WHAT NEEDS TO BE DONE
Without the pictures, output the lines of the material from the very first through the one that holds "# ---- materials".

^^^^^^^^

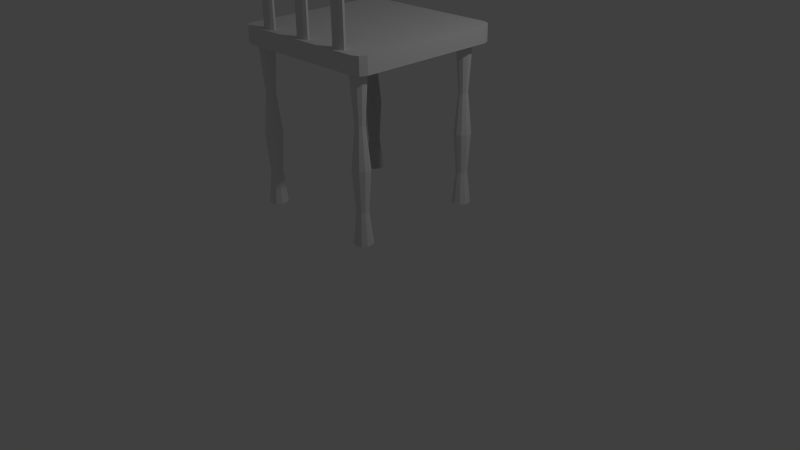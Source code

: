 # Source: chair.blend  (saved by Blender 2.76.0; exported with 4.5.12 LTS)
import bpy
from mathutils import Matrix  # noqa: F401  (used for matrix-valued properties, if any)

bpy.ops.wm.read_factory_settings(use_empty=True)
scene = bpy.context.scene
scene.name = 'Scene'

# ---- collections
col_collection_1 = bpy.data.collections.new('Collection 1'); scene.collection.children.link(col_collection_1)

# ---- materials (node trees are filled in below, after node groups)
mat_material = bpy.data.materials.new('Material')
mat_material.alpha_threshold = 0.0
mat_material.use_transparent_shadow = False
mat_material.roughness = 0.5
mat_material.line_color = (0.0, 0.0, 0.0, 1.0)

# ---- material node trees

# ---- world
world_world = bpy.data.worlds.new('World'); scene.world = world_world
world_world.color = (0.05088, 0.05088, 0.05088)
world_world.use_sun_shadow = False
world_world.sun_shadow_jitter_overblur = 0.0
world_world.cycles.sampling_method = 'MANUAL'
world_world.cycles.sample_map_resolution = 256

# ---- cameras
cam_camera = bpy.data.cameras.new('Camera')
cam_camera.clip_end = 100.0
cam_camera.lens = 35.0
cam_camera.sensor_width = 32.0
cam_camera.sensor_height = 18.0
cam_camera.ortho_scale = 7.314
cam_camera.dof.focus_distance = 0.0
cam_camera.dof.aperture_fstop = 128.0

# ---- lights
light_lamp = bpy.data.lights.new('Lamp', 'POINT')
light_lamp.transmission_factor = 0.0
light_lamp.cutoff_distance = 30.0
light_lamp.energy = 100.0
light_lamp.shadow_buffer_clip_start = 1.001
light_lamp.shadow_soft_size = 0.1
light_lamp.shadow_maximum_resolution = 0.006
light_lamp.use_absolute_resolution = True
light_lamp.cycles.use_multiple_importance_sampling = False

# ---- meshes
me_cube_001 = bpy.data.meshes.new('Cube.001')
me_cube_001.from_pydata([(-1.0, -1.0, -1.0), (-1.0, -1.0, 1.0), (-1.0, 1.0, -1.0), (-1.0, 1.0, 1.0), (1.0, -1.0, -1.0), (1.0, -1.0, 1.0), (1.0, 1.0, -1.0), (1.0, 1.0, 1.0)], [], [(1, 3, 2, 0), (3, 7, 6, 2), (7, 5, 4, 6), (5, 1, 0, 4), (0, 2, 6, 4), (5, 7, 3, 1)])
me_cube_001.use_remesh_preserve_volume = False
me_cube_001.use_remesh_preserve_attributes = False
me_cube_001.use_mirror_vertex_groups = False
me_cube_001.update()
me_cylinder_001 = bpy.data.meshes.new('Cylinder.001')
me_cylinder_001.from_pydata([(0.0, 0.1, -1.0), (0.0, 0.1, 1.0), (0.05878, 0.0809, -1.0), (0.05878, 0.0809, 1.0), (0.09511, 0.0309, -1.0), (0.09511, 0.0309, 1.0), (0.09511, -0.0309, -1.0), (0.09511, -0.0309, 1.0), (0.05878, -0.0809, -1.0), (0.05878, -0.0809, 1.0), (-8.742e-09, -0.1, -1.0), (-8.742e-09, -0.1, 1.0), (-0.05878, -0.0809, -1.0), (-0.05878, -0.0809, 1.0), (-0.09511, -0.0309, -1.0), (-0.09511, -0.0309, 1.0), (-0.09511, 0.0309, -1.0), (-0.09511, 0.0309, 1.0), (-0.05878, 0.0809, -1.0), (-0.05878, 0.0809, 1.0)], [], [(0, 1, 3, 2), (2, 3, 5, 4), (4, 5, 7, 6), (6, 7, 9, 8), (8, 9, 11, 10), (10, 11, 13, 12), (12, 13, 15, 14), (14, 15, 17, 16), (3, 1, 19, 17, 15, 13, 11, 9, 7, 5), (18, 19, 1, 0), (16, 17, 19, 18), (0, 2, 4, 6, 8, 10, 12, 14, 16, 18)])
me_cylinder_001.use_remesh_preserve_volume = False
me_cylinder_001.use_remesh_preserve_attributes = False
me_cylinder_001.use_mirror_vertex_groups = False
me_cylinder_001.update()
me_cylinder = bpy.data.meshes.new('Cylinder')
me_cylinder.from_pydata([(-2.182e-10, 0.1146, -1.0), (0.0, 0.1, 1.0), (0.06739, 0.09275, -1.0), (0.05878, 0.0809, 1.0), (0.109, 0.03543, -1.0), (0.09511, 0.0309, 1.0), (0.109, -0.03543, -1.0), (0.09511, -0.0309, 1.0), (0.06739, -0.09275, -1.0), (0.05878, -0.0809, 1.0), (-1.024e-08, -0.1146, -1.0), (-8.742e-09, -0.1, 1.0), (-0.06739, -0.09275, -1.0), (-0.05878, -0.0809, 1.0), (-0.109, -0.03543, -1.0), (-0.09511, -0.0309, 1.0), (-0.109, 0.03543, -1.0), (-0.09511, 0.0309, 1.0), (-0.06739, 0.09275, -1.0), (-0.05878, 0.0809, 1.0), (4.172e-10, 0.072, -0.6), (-1.134e-10, 0.1076, -0.1), (6.022e-10, 0.05959, 0.4), (0.03503, 0.04821, 0.4), (0.06325, 0.08706, -0.1), (0.04232, 0.05825, -0.6), (0.05667, 0.01841, 0.4), (0.1023, 0.03325, -0.1), (0.06848, 0.02225, -0.6), (0.05667, -0.01841, 0.4), (0.1023, -0.03325, -0.1), (0.06848, -0.02225, -0.6), (0.03503, -0.04821, 0.4), (0.06325, -0.08706, -0.1), (0.04232, -0.05825, -0.6), (-4.607e-09, -0.05959, 0.4), (-9.521e-09, -0.1076, -0.1), (-5.877e-09, -0.072, -0.6), (-0.03503, -0.04821, 0.4), (-0.06325, -0.08706, -0.1), (-0.04232, -0.05825, -0.6), (-0.05667, -0.01841, 0.4), (-0.1023, -0.03325, -0.1), (-0.06848, -0.02225, -0.6), (-0.05667, 0.01841, 0.4), (-0.1023, 0.03325, -0.1), (-0.06848, 0.02225, -0.6), (-0.03503, 0.04821, 0.4), (-0.06325, 0.08706, -0.1), (-0.04232, 0.05825, -0.6)], [], [(22, 1, 3, 23), (23, 3, 5, 26), (26, 5, 7, 29), (29, 7, 9, 32), (32, 9, 11, 35), (35, 11, 13, 38), (38, 13, 15, 41), (41, 15, 17, 44), (3, 1, 19, 17, 15, 13, 11, 9, 7, 5), (47, 19, 1, 22), (44, 17, 19, 47), (0, 2, 4, 6, 8, 10, 12, 14, 16, 18), (16, 46, 49, 18), (46, 45, 48, 49), (45, 44, 47, 48), (18, 49, 20, 0), (49, 48, 21, 20), (48, 47, 22, 21), (14, 43, 46, 16), (43, 42, 45, 46), (42, 41, 44, 45), (12, 40, 43, 14), (40, 39, 42, 43), (39, 38, 41, 42), (10, 37, 40, 12), (37, 36, 39, 40), (36, 35, 38, 39), (8, 34, 37, 10), (34, 33, 36, 37), (33, 32, 35, 36), (6, 31, 34, 8), (31, 30, 33, 34), (30, 29, 32, 33), (4, 28, 31, 6), (28, 27, 30, 31), (27, 26, 29, 30), (2, 25, 28, 4), (25, 24, 27, 28), (24, 23, 26, 27), (0, 20, 25, 2), (20, 21, 24, 25), (21, 22, 23, 24)])
me_cylinder.use_remesh_preserve_volume = False
me_cylinder.use_remesh_preserve_attributes = False
me_cylinder.use_mirror_vertex_groups = False
me_cylinder.update()
me_cube = bpy.data.meshes.new('Cube')
me_cube.from_pydata([(0.8792, 1.0, -1.0), (1.0, 0.8792, -1.0), (0.9646, 0.9646, -1.0), (1.0, -0.8792, -1.0), (0.8792, -1.0, -1.0), (0.9646, -0.9646, -1.0), (-0.8792, -1.0, -1.0), (-1.0, -0.8792, -1.0), (-0.9646, -0.9646, -1.0), (-1.0, 0.8792, -1.0), (-0.8792, 1.0, -1.0), (-0.9646, 0.9646, -1.0), (1.0, 0.8792, 1.0), (0.8792, 1.0, 1.0), (0.9646, 0.9646, 1.0), (0.8792, -1.0, 1.0), (1.0, -0.8792, 1.0), (0.9646, -0.9646, 1.0), (-1.0, -0.8792, 1.0), (-0.8792, -1.0, 1.0), (-0.9646, -0.9646, 1.0), (-0.8792, 1.0, 1.0), (-1.0, 0.8792, 1.0), (-0.9646, 0.9646, 1.0)], [], [(13, 0, 10, 21), (4, 15, 19, 6), (7, 18, 22, 9), (12, 14, 13, 21, 23, 22, 18, 20, 19, 15, 17, 16), (1, 12, 16, 3), (0, 13, 14, 2), (2, 14, 12, 1), (3, 16, 17, 5), (5, 17, 15, 4), (6, 19, 20, 8), (8, 20, 18, 7), (9, 22, 23, 11), (11, 23, 21, 10), (0, 2, 1, 3, 5, 4, 6, 8, 7, 9, 11, 10)])
me_cube.materials.append(mat_material)
me_cube.use_remesh_preserve_volume = False
me_cube.use_remesh_preserve_attributes = False
me_cube.use_mirror_vertex_groups = False
me_cube.update()

# ---- objects
ob_cube_001 = bpy.data.objects.new('Cube.001', me_cube_001)
ob_cylinder_007 = bpy.data.objects.new('Cylinder.007', me_cylinder_001)
ob_cylinder_006 = bpy.data.objects.new('Cylinder.006', me_cylinder_001)
ob_cylinder_005 = bpy.data.objects.new('Cylinder.005', me_cylinder_001)
ob_cylinder_004 = bpy.data.objects.new('Cylinder.004', me_cylinder)
ob_cylinder_003 = bpy.data.objects.new('Cylinder.003', me_cylinder)
ob_cylinder_002 = bpy.data.objects.new('Cylinder.002', me_cylinder)
ob_cylinder_001 = bpy.data.objects.new('Cylinder.001', me_cylinder)
ob_cylinder = bpy.data.objects.new('Cylinder', me_cylinder)
ob_cube = bpy.data.objects.new('Cube', me_cube)
ob_lamp = bpy.data.objects.new('Lamp', light_lamp)
ob_camera = bpy.data.objects.new('Camera', cam_camera)

# ---- transforms, parenting, visibility, modifiers, constraints
ob_cube_001.location = (0.0006726, -0.9089, 5.331)
ob_cube_001.scale = (1.0, 0.07728, 0.3873)
ob_cube_001.lineart.crease_threshold = 0.0
_m = ob_cube_001.modifiers.new('Bevel', 'BEVEL')
_m.limit_method = 'NONE'
_m.spread = 0.0
ob_cylinder_007.location = (0.6016, -0.9154, 3.955)
ob_cylinder_007.scale = (1.0, 0.4441, 1.0)
ob_cylinder_007.lineart.crease_threshold = 0.0
ob_cylinder_006.location = (0.0016, -0.9154, 3.955)
ob_cylinder_006.scale = (1.0, 0.4441, 1.0)
ob_cylinder_006.lineart.crease_threshold = 0.0
ob_cylinder_005.location = (-0.5984, -0.9176, 3.973)
ob_cylinder_005.scale = (1.0, 0.4441, 1.0)
ob_cylinder_005.lineart.crease_threshold = 0.0
ob_cylinder_004.location = (-0.8126, -0.8275, 1.762)
ob_cylinder_004.lineart.crease_threshold = 0.0
ob_cylinder_003.location = (0.7874, -0.8275, 1.762)
ob_cylinder_003.lineart.crease_threshold = 0.0
ob_cylinder_002.location = (0.7874, 0.7725, 1.762)
ob_cylinder_002.lineart.crease_threshold = 0.0
ob_cylinder_001.location = (-0.8126, 0.7725, 1.762)
ob_cylinder_001.lineart.crease_threshold = 0.0
ob_cylinder.location = (-0.8126, 0.7725, 1.762)
ob_cylinder.lineart.crease_threshold = 0.0
ob_cube.location = (0.0, 0.0, 2.867)
ob_cube.scale = (1.0, 1.0, 0.1057)
ob_cube.lock_rotations_4d = False
ob_cube.empty_display_type = 'ARROWS'
ob_cube.lineart.crease_threshold = 0.0
ob_lamp.location = (4.076, 1.005, 5.904)
ob_lamp.rotation_euler = (0.6503, 0.05522, 1.866)
ob_lamp.lock_rotations_4d = False
ob_lamp.empty_display_type = 'ARROWS'
ob_lamp.color = (0.0, 0.0, 0.0, 0.0)
ob_lamp.lineart.crease_threshold = 0.0
ob_camera.location = (7.481, -6.508, 5.344)
ob_camera.rotation_euler = (1.109, 0.01082, 0.8149)
ob_camera.lock_rotations_4d = False
ob_camera.empty_display_type = 'ARROWS'
ob_camera.color = (0.0, 0.0, 0.0, 0.0)
ob_camera.display_type = 'WIRE'
ob_camera.lineart.crease_threshold = 0.0

# ---- collection membership
col_collection_1.objects.link(ob_cube_001)
col_collection_1.objects.link(ob_cylinder_007)
col_collection_1.objects.link(ob_cylinder_006)
col_collection_1.objects.link(ob_cylinder_005)
col_collection_1.objects.link(ob_cylinder_004)
col_collection_1.objects.link(ob_cylinder_003)
col_collection_1.objects.link(ob_cylinder_002)
col_collection_1.objects.link(ob_cylinder_001)
col_collection_1.objects.link(ob_cylinder)
col_collection_1.objects.link(ob_cube)
col_collection_1.objects.link(ob_lamp)
col_collection_1.objects.link(ob_camera)

# ---- scene / render settings (as saved in the file)
scene.camera = ob_camera
scene.frame_start = 1; scene.frame_end = 250; scene.frame_set(1)
scene.render.engine = 'BLENDER_EEVEE_NEXT'
scene.render.resolution_percentage = 50
scene.render.dither_intensity = 0.0
scene.cycles.use_denoising = False
scene.cycles.samples = 10
scene.cycles.sampling_pattern = 'TABULATED_SOBOL'
scene.cycles.light_sampling_threshold = 0.0
scene.cycles.use_adaptive_sampling = False
scene.cycles.use_light_tree = False
scene.cycles.blur_glossy = 0.0
scene.cycles.pixel_filter_type = 'GAUSSIAN'
scene.cycles.sample_clamp_indirect = 0.0
scene.view_settings.view_transform = 'Standard'
bpy.context.view_layer.update()

^^^^^^^^

RESPONSE TO THIS TASK
Source code

: # Source: chair.blend  (saved by Blender 2.76.0; exported with 4.5.12 LTS)
import bpy
from mathutils import Matrix  # noqa: F401  (used for matrix-valued properties, if any)

bpy.ops.wm.read_factory_settings(use_empty=True)
scene = bpy.context.scene
scene.name = 'Scene'

# ---- collections
col_collection_1 = bpy.data.collections.new('Collection 1'); scene.collection.children.link(col_collection_1)

# ---- materials (node trees are filled in below, after node groups)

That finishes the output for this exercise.